Alternatively, you can call the `Tokenizer` instance directly, just like you would with a `spaCy` `Language` object.  
This automatically routes input to either `make_doc()` or `make_docs()` depending on whether a single string or a list of strings is passed:


In [None]:
#Alernatively call Tokenizer object directly:
doc = tokenizer_def(text)

After tokenization, you can access the tokens in the returned `Doc` object.  
Here's an example that prints the first 50 tokens:

In [None]:
print("\nTokens:")
for token in doc[0:50]:
    print(f"<{token.text}>")


You can access the original text by referencing `doc.text`, and by using the bracket operators, you can access a substring of the original text.

In [None]:
org_text = doc.text[0:100]

## Tokenizing Multiple Texts

The `Tokenizer` class provides the `make_docs()` method to convert a list of raw strings into a list of `spaCy.Doc` objects.  
Each string is tokenized using the language model and returned with full annotations.

> **Note**  
> This method is ideal for batch processing documents.  
> It is functionally similar to calling the `Tokenizer` object directly.


In [None]:
text_sub1 = text[0:100]
text_sub2 = text[100:200]
text_list = [text_sub1, text_sub2]
docs = list(tokenizer_def.make_docs(text_list))

# Alternatively, call Tokenizer object directly:
docs = list(tokenizer_def(text_list))

> **Note**  
> Some tokens may include punctuation or newline characters. To avoid this, you can either:  
> - Scrub the text using `Scrubber` before tokenization  
> - Filter out unwanted tokens after tokenization using token attributes (e.g., `is_punct`, `is_space`)

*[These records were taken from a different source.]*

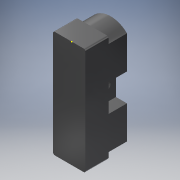
# Autodesk Inventor part: sensor
Saved by Autodesk Inventor 2017 (Build 210142000, 142)
## iProperties
Created: 2015-04-04
Part Number: sensor
Material: Rubber
Document SubType Name: Modeling
Designer: George
Density: 0.93 g/cm^3
Appearance: Rubber - Black - Version 1.1
Author: George
Autodesk Inventor part; units mm, degrees
ref_plane "YZ Plane" through (0, 0, 0) normal (1, 0, 0) x (0, 1, 0)
sketch "Sketch1" plane through (0, 0, 0) normal (0, 1, 0) x (-1, 0, 0)
  line L0 (0, 0) -> (17.6, 0)
  line L1 (17.6, 0) -> (17.6, -58)
  line L2 (17.6, -58) -> (0, -58)
  line L3 (0, -58) -> (0, 0)
  dimension "d0" = 58
  dimension "d1" = 17.6
  constraints: 8 end point, 2 parallel, 1 horizontal, 1 perpendicular
  measures "d0" distance of L0.end L1.end
  measures "d1" distance of L0.start L0.end
extrude "Extrusion1" add sketch "Sketch1" along normal blind 22.5
ref_plane "Work Plane1" through (0, 0, -29) normal (0, 0, -1) x (-1, 0, 0)
fillet "Fillet1" radius 1 1 edges at (-17.6, 11.25, -58)
mirror "Mirror1" about plane through (0, 0, -29) normal (0, 0, -1) of "Fillet1"
ref_plane "Work Plane2" through (-8.8, 0, -57) normal (-1, 0, 0) x (0, 0, 1)
mirror "Mirror2" about plane through (-8.8, 0, -57) normal (-1, 0, 0) of "Fillet1", "Mirror1"
sketch "Sketch2" plane through (0, 22.5, 0) normal (0, 1, 0) x (1, 0, 0)
  line L0 (-17.6, 57) -> (-17.6, 1) projected
  line L1 (-17.6, 21.5) -> (-7.5, 21.5)
  line L2 (-7.5, 21.5) -> (-7.5, 36.5)
  line L3 (-7.5, 36.5) -> (-17.6, 36.5)
  line L4 (-17.6, 36.5) -> (-17.6, 21.5)
  line L5 (0, 1) -> (0, 57) projected
  line L6 (-16.6, 0) -> (-1, 0) projected
  line L7 (0, 57) -> (0, 1) projected
  line L8 (0, 21.5) -> (-6, 21.5)
  line L9 (-6, 21.5) -> (-6, 36.5)
  line L10 (-6, 36.5) -> (0, 36.5)
  line L11 (0, 36.5) -> (0, 21.5)
  point P0 (0, 0)
  dimension "d5" = 15
  dimension "d6" = 10.1
  dimension "d7" = 21.5
  dimension "d10" = 1.5
  constraints: 16 end point, 4 parallel, 2 horizontal, 2 perpendicular, 2 point on line
  measures "d5" distance of L1.end L2.end
  measures "d6" distance of L2.end L3.end
  measures "d7" distance between parallel lines of L6 L1
  measures "d10" distance between parallel lines of L9 L2
extrude "Extrusion3" cut sketch "Sketch2" against normal blind 10
sketch "Sketch3" plane through (-7.5, 22.5, -36.5) normal (-1, 0, 0) x (0, 0, 1)
  point P0 (36.5, -22.5)
sketch "Sketch4" plane through (-7.5, 22.5, -36.5) normal (-1, 0, 0) x (0, 0, 1)
  circle A0 centre (7.5, -5) radius 2.1
  line L0 (0, 0) -> (15, 0) projected
  line L1 (0, 0) -> (0, -10) projected
  point P0 (36.5, -22.5)
  dimension "d13" = 4.2
  dimension "d14" = 5
  dimension "d15" = 7.5
  constraints: 1 centre point
  measures "d13" diameter of A0
  measures "d14" distance from line of L0 A0.centre
  measures "d15" distance from line of A0.centre L1
extrude "Extrusion4" cut sketch "Sketch4" against normal blind 1.5
sketch "Sketch9" plane through (0, 22.5, 0) normal (0, 1, 0) x (1, 0, 0)
  arc A0 (-17.6, 3.6225) -> (-8.8, 0) centre (-8.8, 12.5) ccw
  line L0 (-16.6, 0) -> (-1, 0) projected
  line L1 (-17.6, 21.5) -> (-17.6, 1) projected
  line L2 (-1, 0) -> (-16.6, 0) projected
  line L3 (-8.8, 0) -> (-17.6, 0)
  line L4 (-17.6, 0) -> (-17.6, 3.6225)
  point P0 (0, 0)
  dimension "d20" = 25
  dimension "d21" = 8.8
  constraints: 4 end point, 2 point on circle, 2 tangent, 1 centre point, 1 midpoint, 1 perpendicular, 1 point on line
  measures "d20" diameter of A0
  measures "d21" distance from line of L1 A0.centre
extrude "Extrusion5" cut sketch "Sketch9" against normal blind 10
mirror "Mirror3" about plane through (0, 0, -29) normal (0, 0, -1) of "Extrusion5"
mirror "Mirror4" about plane through (-8.8, 0, -57) normal (-1, 0, 0) of "Extrusion5", "Mirror3"
shell "Shell1" thickness 1 removed faces 1 at (-14.2333, 22.5, -42.4592)
body "Solid1"

## Scrub the text before tokenization
Use the `Scrubber` module to clean the text by removing unwanted characters like extra spaces, line breaks, and punctuation.

In [None]:
from lexos.scrubber.scrubber import Scrubber
scrubber = Scrubber()
scrubber.remove_whitespace = True
scrubber.remove_punctuation = True

cleaned_text = scrubber.scrub(text)
doc = tokenizer.make_doc(cleaned_text)
[token.text for token in doc]

### Filter tokens after tokenization
You can also leave the text as-is and filter the tokens using spaCy's built-in attributes.

In [None]:
doc = tokenizer.make_doc(text)

#remove punctuation and whitespace tokens
filtered_tokens = [token.text for token in doc if not token.is_punct and not token.is_space]
filtered_tokens

## Adding or Removing Stop Words
Stop words are words that are to be excluded from the list of tokens. These are generally words like "the" and "and", but can be anything that serves the purpose of the desired analysis. <br> <br>
To add stopwords to a `tokenizer` instance, use the `add_stopwords()` function to pass a list of words that will act as stopwords before tokenizing. <br><br>
> **Note:** <br>
> Some models, such as `"en_web_core_sm"`, have built-in stopwords. To remove these, or any other stop words, use the `remove_stopwords()` function before tokenizing.

In [None]:
test_text = "This is a test of stopwords in the tokenizer class."

# Adding stopwords
tokenizer_def.add_stopwords(["is", "the", "of"])
stop_doc = tokenizer_def.make_doc(test_text)
for token in stop_doc[0:50]:
    # Print token text formatted with padding for alignment
    # and whether it is a stopword
    print(f"Token: {token.text:<12}    Stopword: {token.is_stop}")
print("\n================================\n")

# Removing stopwords
tokenizer_def.remove_stopwords(["is", "the", "of"])
stop_doc = tokenizer_def.make_doc(test_text)
for token in stop_doc[0:50]:
    # Print token text formatted with padding for alignment
    # and whether it is a stopword
    print(f"Token: {token.text:<12}    Stopword: {token.is_stop}")

## Simple Tokenizers <br>
Along with the language model based tokenizer, the `tokenizer` class also contains two simple tokenizers: `SliceTokenizer` and `WhitespaceTokenizer`. <br><br>
`SliceTokenizer` slices the text into tokens of n characters. The constructor takes two arguments: `n`, which is the number of characters that each token will be, and `drop_ws`, a modifier that controls whether to drop whitespace or keep it.

In [None]:
from lexos.tokenizer import SliceTokenizer
test_text = "Cut me up into tiny pieces!"
slicer = SliceTokenizer(n = 4, drop_ws=True)
slices = slicer(test_text)
print(slices)

`WhitespaceTokenizer` simply slices a text into tokens on whitespace, similarly to the built-in `split()` method. 

In [None]:
from lexos.tokenizer import WhitespaceTokenizer
test_text = "Split me up by whitespace!"
neatSlicer = WhitespaceTokenizer()
slices = neatSlicer(test_text)
print(slices)

## Ngrams <br>

The tokenizer module contains a subclass named `ngrams`, which allows you to generate ngrams, which are sequences of consecutive tokensfrom either raw text or tokenized documents.  
These are useful for analyzing patterns, building frequency models, or studying frequent phrases in your texts.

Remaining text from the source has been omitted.